▶ Description of the task
Starting with the first line of the material, reproduce exactly each line up to and including the one that contains "msp = doc.modelspace()", leaving out every picture.

»»

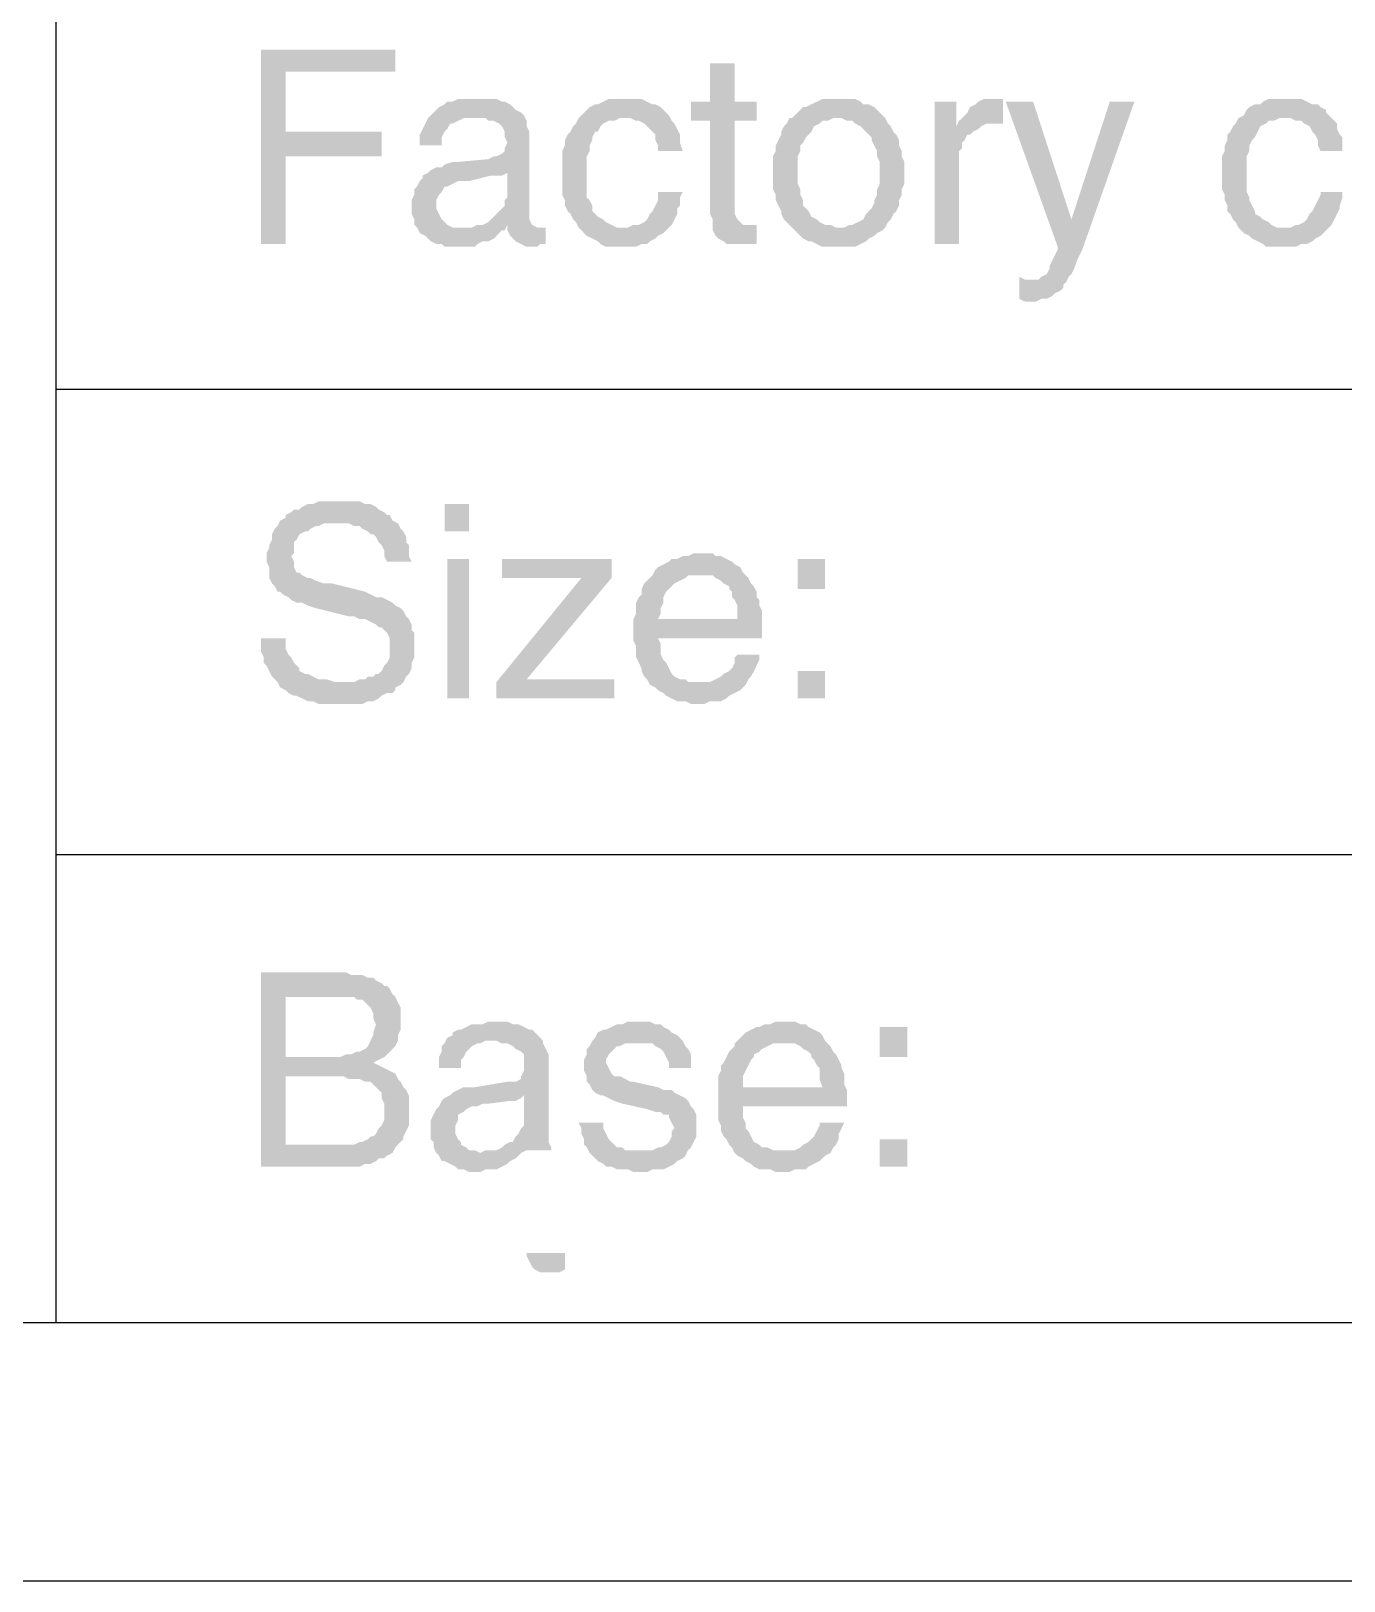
# Model space of a CAD drawing. Header units: millimetres. Extents: x 7018 to 13530, y 4187 to 5692.
# Drawn here: x 7985.06 to 8006.71, y 4951.87 to 4977.43 of the extents above; entities that cross this region are included whole.
import ezdxf

# ---------------------------------------------------------------- set-up
doc = ezdxf.new("R2010")
doc.units = ezdxf.units.MM

msp = doc.modelspace()

# ---------------------------------------------------------------- hatches: boundary and pattern name
at = {"transparency": 33554559}
for points in [[(7991.064, 4977.118), (7988.853, 4977.118), (7988.853, 4973.914), (7989.259, 4973.914), (7989.259, 4975.358), (7990.839, 4975.358), (7990.839, 4975.764), (7989.259, 4975.764), (7989.259, 4976.757), (7991.064, 4976.757), (7991.064, 4976.938)], [(7996.661, 4976.893), (7996.254, 4976.893), (7996.254, 4976.261), (7995.939, 4976.261), (7995.939, 4975.945), (7996.254, 4975.945), (7996.254, 4974.41), (7996.3, 4974.32), (7996.3, 4974.14), (7996.345, 4974.049), (7996.39, 4974.004), (7996.39, 4974.004), (7996.48, 4973.959), (7996.525, 4973.914), (7997.022, 4973.914), (7997.022, 4974.23), (7996.796, 4974.23), (7996.751, 4974.275), (7996.706, 4974.32), (7996.661, 4974.41), (7996.661, 4975.945), (7997.022, 4975.945), (7997.022, 4976.261), (7996.661, 4976.261)], [(7992.418, 4976.306), (7992.102, 4976.306), (7992.012, 4976.261), (7991.922, 4976.261), (7991.877, 4976.216), (7991.786, 4976.171), (7991.741, 4976.125), (7991.696, 4976.08), (7991.651, 4976.035), (7991.606, 4975.99), (7991.561, 4975.9), (7991.516, 4975.809), (7991.47, 4975.719), (7991.47, 4975.539), (7991.831, 4975.539), (7991.831, 4975.674), (7991.877, 4975.764), (7991.922, 4975.809), (7991.967, 4975.9), (7992.012, 4975.9), (7992.102, 4975.945), (7992.193, 4975.99), (7992.373, 4975.99), (7993.185, 4976.035), (7993.14, 4976.08), (7993.05, 4976.125), (7993.005, 4976.171), (7992.96, 4976.216), (7992.87, 4976.261), (7992.824, 4976.261), (7992.734, 4976.306), (7992.508, 4976.306)], [(7994.855, 4976.306), (7994.585, 4976.306), (7994.494, 4976.261), (7994.404, 4976.216), (7994.359, 4976.216), (7994.269, 4976.171), (7994.223, 4976.125), (7994.133, 4976.035), (7994.088, 4975.99), (7994.946, 4975.99), (7995.036, 4975.945), (7995.081, 4975.945), (7995.171, 4975.9), (7995.216, 4975.855), (7995.307, 4975.764), (7995.352, 4975.719), (7995.352, 4975.629), (7995.397, 4975.539), (7995.397, 4975.448), (7995.803, 4975.448), (7995.758, 4975.584), (7995.758, 4975.719), (7995.713, 4975.809), (7995.668, 4975.9), (7995.623, 4975.945), (7995.577, 4976.035), (7995.532, 4976.08), (7995.487, 4976.125), (7995.442, 4976.171), (7995.352, 4976.216), (7995.307, 4976.216), (7995.216, 4976.261), (7995.126, 4976.306), (7994.946, 4976.306)], [(7998.376, 4976.306), (7998.105, 4976.306), (7998.015, 4976.261), (7997.924, 4976.216), (7997.834, 4976.171), (7997.789, 4976.171), (7997.699, 4976.08), (7997.654, 4976.035), (7997.608, 4975.99), (7997.563, 4975.99), (7997.518, 4975.9), (7997.473, 4975.855), (7997.428, 4975.764), (7997.428, 4975.719), (7997.383, 4975.629), (7997.338, 4975.539), (7997.338, 4975.448), (7997.292, 4975.358), (7997.292, 4975.087), (7997.292, 4974.817), (7997.338, 4974.726), (7997.338, 4974.636), (7997.383, 4974.546), (7997.428, 4974.456), (7997.428, 4974.41), (7997.473, 4974.32), (7997.518, 4974.275), (7997.608, 4974.185), (7998.376, 4974.185), (7998.331, 4974.185), (7998.24, 4974.23), (7998.15, 4974.23), (7998.06, 4974.275), (7998.015, 4974.32), (7997.924, 4974.365), (7997.879, 4974.456), (7997.834, 4974.501), (7997.789, 4974.546), (7997.789, 4974.636), (7997.744, 4974.726), (7997.744, 4974.817), (7997.699, 4974.907), (7997.699, 4975.358), (7997.744, 4975.448), (7997.744, 4975.539), (7997.789, 4975.584), (7997.834, 4975.674), (7997.879, 4975.719), (7997.924, 4975.764), (7997.969, 4975.855), (7998.06, 4975.9), (7998.105, 4975.945), (7998.195, 4975.945), (7998.285, 4975.99), (7999.143, 4975.99), (7999.098, 4976.035), (7999.008, 4976.125), (7998.962, 4976.171), (7998.872, 4976.216), (7998.782, 4976.216), (7998.737, 4976.261), (7998.646, 4976.306), (7998.466, 4976.306)], [(8000.316, 4976.261), (7999.955, 4976.261), (7999.955, 4973.914), (8000.361, 4973.914), (8000.361, 4975.448), (8000.407, 4975.494), (8000.407, 4975.584), (8000.452, 4975.629), (8000.497, 4975.719), (8000.542, 4975.719), (8000.587, 4975.764), (8000.677, 4975.809), (8000.316, 4975.855)], [(8000.993, 4976.306), (8000.768, 4976.306), (8000.677, 4976.261), (8000.632, 4976.216), (8000.542, 4976.171), (8000.497, 4976.08), (8000.452, 4976.035), (8000.407, 4975.99), (8000.361, 4975.945), (8000.993, 4975.9), (8001.084, 4975.9), (8001.084, 4976.306), (8001.084, 4976.306)], [(8001.58, 4976.261), (8001.129, 4976.261), (8001.986, 4973.869), (8002.212, 4974.32)], [(8003.25, 4976.261), (8002.844, 4976.261), (8002.212, 4974.32), (8001.986, 4973.869), (8001.986, 4973.824), (8001.986, 4973.824), (8001.941, 4973.733), (8001.896, 4973.643), (8001.851, 4973.553), (8001.851, 4973.508), (8001.806, 4973.417), (8001.715, 4973.372), (8001.67, 4973.327), (8001.58, 4973.327), (8002.122, 4973.282), (8002.167, 4973.372), (8002.212, 4973.417), (8002.257, 4973.508), (8002.302, 4973.643), (8002.347, 4973.733), (8002.392, 4973.824)], [(8005.732, 4976.306), (8005.461, 4976.306), (8005.371, 4976.261), (8005.326, 4976.216), (8005.236, 4976.216), (8005.145, 4976.171), (8005.1, 4976.125), (8005.055, 4976.035), (8004.965, 4975.99), (8005.822, 4975.99), (8005.913, 4975.945), (8006.003, 4975.945), (8006.048, 4975.9), (8006.138, 4975.855), (8006.184, 4975.764), (8006.229, 4975.719), (8006.274, 4975.629), (8006.274, 4975.539), (8006.319, 4975.448), (8006.68, 4975.448), (8006.68, 4975.674), (8006.635, 4975.719), (8006.59, 4975.809), (8006.59, 4975.9), (8006.545, 4975.945), (8006.454, 4976.035), (8006.409, 4976.08), (8006.409, 4976.125), (8006.319, 4976.171), (8006.274, 4976.216), (8006.184, 4976.216), (8006.093, 4976.261), (8006.003, 4976.306), (8005.822, 4976.306)], [(7993.185, 4976.035), (7992.373, 4975.99), (7992.554, 4975.99), (7992.599, 4975.945), (7992.689, 4975.945), (7992.779, 4975.9), (7992.824, 4975.855), (7992.87, 4975.764), (7992.87, 4975.674), (7992.915, 4975.584), (7992.915, 4975.584), (7992.87, 4975.494), (7992.87, 4975.448), (7992.824, 4975.403), (7992.734, 4975.358), (7992.689, 4975.358), (7992.599, 4975.313), (7992.102, 4975.268), (7992.012, 4975.268), (7991.877, 4975.223), (7991.831, 4975.178), (7991.741, 4975.178), (7991.651, 4975.133), (7992.915, 4975.087), (7992.915, 4974.681), (7992.915, 4974.681), (7992.87, 4974.636), (7992.87, 4974.546), (7992.824, 4974.501), (7992.734, 4974.41), (7992.689, 4974.365), (7992.644, 4974.32), (7992.599, 4974.275), (7992.508, 4974.23), (7992.418, 4974.23), (7992.328, 4974.185), (7991.425, 4974.185), (7991.47, 4974.094), (7991.561, 4974.049), (7991.606, 4974.004), (7991.651, 4973.959), (7991.741, 4973.914), (7991.831, 4973.914), (7991.877, 4973.869), (7992.373, 4973.869), (7992.418, 4973.914), (7992.508, 4973.959), (7992.599, 4973.959), (7992.689, 4974.004), (7992.734, 4974.049), (7992.824, 4974.14), (7992.87, 4974.14), (7992.915, 4974.23), (7993.321, 4974.23), (7993.276, 4974.32), (7993.276, 4975.764), (7993.231, 4975.855), (7993.231, 4975.945)], [(7994.088, 4975.99), (7994.043, 4975.9), (7993.998, 4975.855), (7993.953, 4975.764), (7993.908, 4975.719), (7993.862, 4975.629), (7993.862, 4975.539), (7993.817, 4975.448), (7993.817, 4974.726), (7993.862, 4974.636), (7993.862, 4974.546), (7993.908, 4974.456), (7993.953, 4974.41), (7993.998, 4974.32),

««

▶ Output of the task
# Model space of a CAD drawing. Header units: millimetres. Extents: x 7018 to 13530, y 4187 to 5692.
# Drawn here: x 7985.06 to 8006.71, y 4951.87 to 4977.43 of the extents above; entities that cross this region are included whole.
import ezdxf

# ---------------------------------------------------------------- set-up
doc = ezdxf.new("R2010")
doc.units = ezdxf.units.MM

msp = doc.modelspace()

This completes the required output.